Step-by-step solution

- Explaining use of z statistic

The z statistic is suitable in this case due to the Central Limit Theorem (CLT), which states that: if we draw a large enough sample, the distribution of the sample mean will be approximately normally distributed, independent of the population distribution, providing that the population's standard deviation is known and the sample size is large enough (N > 30). Here, the sample size is 50, which is > 30.

- Describing Type I and Type II errors

Type I Error: The null hypothesis \(H_0\) is true (i.e., the mean temperature of discharged water is 150) but is erroneously rejected. This means an incorrect claim would be made that the plant is violating the regulations. \n Type II Error: The alternate hypothesis \(H_a\) is true (i.e., the mean temperature of discharged water is >150) and yet the null hypothesis is not rejected. The error here is failing to detect a violation of regulations.

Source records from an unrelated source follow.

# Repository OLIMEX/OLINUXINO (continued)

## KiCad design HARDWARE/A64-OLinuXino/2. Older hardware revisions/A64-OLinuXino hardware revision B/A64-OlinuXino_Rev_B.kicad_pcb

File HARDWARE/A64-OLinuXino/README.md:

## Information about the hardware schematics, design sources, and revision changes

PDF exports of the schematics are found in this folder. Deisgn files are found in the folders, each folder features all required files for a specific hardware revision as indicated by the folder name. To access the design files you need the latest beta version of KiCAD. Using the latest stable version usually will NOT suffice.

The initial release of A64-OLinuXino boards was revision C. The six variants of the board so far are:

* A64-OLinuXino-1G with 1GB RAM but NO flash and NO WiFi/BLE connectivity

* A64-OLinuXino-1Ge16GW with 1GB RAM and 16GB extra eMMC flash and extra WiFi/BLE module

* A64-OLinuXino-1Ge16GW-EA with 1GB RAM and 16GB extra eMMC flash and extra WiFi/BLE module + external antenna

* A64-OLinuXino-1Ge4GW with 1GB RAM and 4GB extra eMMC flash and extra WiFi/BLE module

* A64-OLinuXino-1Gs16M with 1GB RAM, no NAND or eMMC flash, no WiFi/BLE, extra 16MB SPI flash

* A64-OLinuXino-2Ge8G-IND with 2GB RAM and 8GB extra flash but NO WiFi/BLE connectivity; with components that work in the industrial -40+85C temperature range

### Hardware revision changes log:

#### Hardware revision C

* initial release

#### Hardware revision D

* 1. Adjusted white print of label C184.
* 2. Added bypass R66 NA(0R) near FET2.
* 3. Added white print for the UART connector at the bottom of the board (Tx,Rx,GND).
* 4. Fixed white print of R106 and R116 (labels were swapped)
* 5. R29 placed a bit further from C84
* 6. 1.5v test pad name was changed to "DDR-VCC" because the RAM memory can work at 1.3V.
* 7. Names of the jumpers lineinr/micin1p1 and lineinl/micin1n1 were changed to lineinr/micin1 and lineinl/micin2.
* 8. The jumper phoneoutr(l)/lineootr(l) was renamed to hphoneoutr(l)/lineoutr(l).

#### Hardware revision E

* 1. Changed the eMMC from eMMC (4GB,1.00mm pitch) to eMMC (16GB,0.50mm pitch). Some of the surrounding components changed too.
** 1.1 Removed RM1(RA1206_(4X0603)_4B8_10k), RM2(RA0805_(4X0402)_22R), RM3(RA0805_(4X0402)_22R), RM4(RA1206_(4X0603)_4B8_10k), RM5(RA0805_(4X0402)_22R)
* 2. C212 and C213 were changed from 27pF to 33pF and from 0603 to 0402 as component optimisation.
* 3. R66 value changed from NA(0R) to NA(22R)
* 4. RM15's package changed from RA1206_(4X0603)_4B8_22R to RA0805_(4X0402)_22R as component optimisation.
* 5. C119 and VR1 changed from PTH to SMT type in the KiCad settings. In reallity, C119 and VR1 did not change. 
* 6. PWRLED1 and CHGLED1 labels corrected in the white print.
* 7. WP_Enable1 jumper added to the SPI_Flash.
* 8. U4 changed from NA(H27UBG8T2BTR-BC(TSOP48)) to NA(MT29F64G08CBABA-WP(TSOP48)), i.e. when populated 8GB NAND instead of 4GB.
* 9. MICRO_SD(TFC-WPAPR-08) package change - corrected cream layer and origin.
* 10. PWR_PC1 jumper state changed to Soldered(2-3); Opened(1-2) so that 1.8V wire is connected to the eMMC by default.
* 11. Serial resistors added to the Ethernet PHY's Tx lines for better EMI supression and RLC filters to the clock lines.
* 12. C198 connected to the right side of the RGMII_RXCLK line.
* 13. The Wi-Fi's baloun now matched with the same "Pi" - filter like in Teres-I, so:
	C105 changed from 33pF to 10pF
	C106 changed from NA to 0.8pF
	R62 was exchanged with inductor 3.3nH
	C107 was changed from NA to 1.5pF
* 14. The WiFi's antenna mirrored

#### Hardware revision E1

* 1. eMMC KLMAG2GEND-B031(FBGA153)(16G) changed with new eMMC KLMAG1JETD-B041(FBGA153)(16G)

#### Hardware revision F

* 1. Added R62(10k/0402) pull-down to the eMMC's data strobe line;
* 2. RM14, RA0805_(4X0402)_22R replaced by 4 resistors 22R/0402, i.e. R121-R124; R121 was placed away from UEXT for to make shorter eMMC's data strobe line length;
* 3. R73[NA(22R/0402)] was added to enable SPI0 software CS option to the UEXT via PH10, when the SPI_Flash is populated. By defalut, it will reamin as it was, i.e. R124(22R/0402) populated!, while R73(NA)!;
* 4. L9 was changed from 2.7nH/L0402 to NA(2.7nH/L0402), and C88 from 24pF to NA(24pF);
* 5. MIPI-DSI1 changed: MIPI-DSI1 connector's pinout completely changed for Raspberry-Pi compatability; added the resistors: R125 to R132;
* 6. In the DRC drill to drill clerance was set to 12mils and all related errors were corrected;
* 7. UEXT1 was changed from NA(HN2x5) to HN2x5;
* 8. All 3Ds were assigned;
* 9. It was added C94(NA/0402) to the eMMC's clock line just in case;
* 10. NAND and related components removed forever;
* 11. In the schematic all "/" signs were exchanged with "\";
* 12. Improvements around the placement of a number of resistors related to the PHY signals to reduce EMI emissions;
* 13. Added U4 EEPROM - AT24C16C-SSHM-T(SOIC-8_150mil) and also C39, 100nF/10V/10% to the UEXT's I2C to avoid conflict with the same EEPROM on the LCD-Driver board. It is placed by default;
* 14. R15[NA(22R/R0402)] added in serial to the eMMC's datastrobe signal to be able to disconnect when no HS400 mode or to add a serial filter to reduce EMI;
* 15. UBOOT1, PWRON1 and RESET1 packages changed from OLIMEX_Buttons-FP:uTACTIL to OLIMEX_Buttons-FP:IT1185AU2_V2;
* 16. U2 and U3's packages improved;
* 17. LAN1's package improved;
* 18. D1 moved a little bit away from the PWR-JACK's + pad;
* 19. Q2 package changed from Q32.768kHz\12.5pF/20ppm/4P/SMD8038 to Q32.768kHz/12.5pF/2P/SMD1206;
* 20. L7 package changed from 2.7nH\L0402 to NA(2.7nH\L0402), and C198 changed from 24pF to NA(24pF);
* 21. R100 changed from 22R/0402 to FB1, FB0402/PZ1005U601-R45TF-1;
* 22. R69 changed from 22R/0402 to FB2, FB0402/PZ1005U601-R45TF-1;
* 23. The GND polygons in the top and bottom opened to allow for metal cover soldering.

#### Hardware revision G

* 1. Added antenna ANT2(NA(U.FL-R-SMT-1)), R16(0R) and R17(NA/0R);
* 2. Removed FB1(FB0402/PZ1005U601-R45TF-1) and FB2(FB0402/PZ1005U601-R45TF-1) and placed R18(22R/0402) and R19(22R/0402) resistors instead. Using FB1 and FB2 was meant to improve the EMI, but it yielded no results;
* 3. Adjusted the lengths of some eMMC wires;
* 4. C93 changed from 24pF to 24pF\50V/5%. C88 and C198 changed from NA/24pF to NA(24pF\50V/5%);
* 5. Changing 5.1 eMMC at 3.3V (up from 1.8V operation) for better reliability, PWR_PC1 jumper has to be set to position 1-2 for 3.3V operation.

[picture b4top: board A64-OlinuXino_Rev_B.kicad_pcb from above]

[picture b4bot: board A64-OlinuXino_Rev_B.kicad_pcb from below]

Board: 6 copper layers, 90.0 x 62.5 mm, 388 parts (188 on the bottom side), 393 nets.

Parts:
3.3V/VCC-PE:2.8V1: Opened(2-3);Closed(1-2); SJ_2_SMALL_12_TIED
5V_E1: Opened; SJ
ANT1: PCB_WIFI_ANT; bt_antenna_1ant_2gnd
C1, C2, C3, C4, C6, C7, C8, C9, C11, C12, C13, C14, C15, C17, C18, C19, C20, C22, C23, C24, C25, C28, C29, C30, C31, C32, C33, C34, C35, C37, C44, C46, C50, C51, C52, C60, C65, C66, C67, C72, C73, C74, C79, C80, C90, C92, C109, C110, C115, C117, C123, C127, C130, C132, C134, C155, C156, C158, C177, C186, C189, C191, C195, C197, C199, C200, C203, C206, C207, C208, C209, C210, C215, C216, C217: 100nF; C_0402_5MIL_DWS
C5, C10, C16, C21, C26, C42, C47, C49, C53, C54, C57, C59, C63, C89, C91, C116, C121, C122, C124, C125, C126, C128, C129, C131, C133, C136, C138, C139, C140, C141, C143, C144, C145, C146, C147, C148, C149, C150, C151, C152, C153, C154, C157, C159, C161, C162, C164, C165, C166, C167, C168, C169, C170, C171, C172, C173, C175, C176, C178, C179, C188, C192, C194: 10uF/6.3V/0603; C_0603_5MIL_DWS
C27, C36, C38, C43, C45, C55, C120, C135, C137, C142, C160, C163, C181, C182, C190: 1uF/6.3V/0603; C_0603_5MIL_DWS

- Calculating value of alpha

The rejection area to the right of z = 1.8 on a z-distribution table corresponds to the significance level \(\alpha\). Looking up a Z-table for the value of 1.8, we get 0.9641. Therefore, \(\alpha = 1 - 0.9641 = 0.0359\).

- Sketching sampling distribution

The sampling distribution of \(\bar{x}\) would be a bell shaped curve centered at 150 (assuming \(H_0\) is true), with a standard deviation equal to \(\frac{\sigma}{\sqrt{n}} = \frac{10}{\sqrt{50}}\). For \(H_{a^{2}}\) (with \(\mu\) = 153), the curve is shifted to the right. The region to the right of z = 1.8 under the curve for \(H_{a^{2}}\) represents \(\beta\), the probability of making a Type II error.

- Computing value of beta when μ = 153

We first compute the corresponding z-score: \(z = \frac{153 - 150}{\frac{10}{\sqrt{50}}} = 2.12 \). Since the critical z = 1.8, we are interested in the area to the right of z = 2.12 under the standard normal curve. Looking up a Z-table, this corresponds to 1 - 0.9830 = 0.0170.

- Computing value of beta when μ = 160

The z-score is \(z = \frac{160 - 150}{\frac{10}{\sqrt{50}}} = 7.07 \). As 7.07 is quite large, it's safe to assume that the value of \(\beta\) will be nearly zero.

- Drawing conclusion

Since z = 1.8 is the decision boundary, and the computed z for \(\bar{x} = 152.8\) is \(z = \frac{152.8 - 150}{\frac{10}{\sqrt{50}}} = 1.988\) which is greater than 1.8, we reject \(H_0\). This suggests that the power plant is not complying with the regulations. However, we may have committed a Type I error, implying that although we concluded that the plant does not comply, in reality, it does.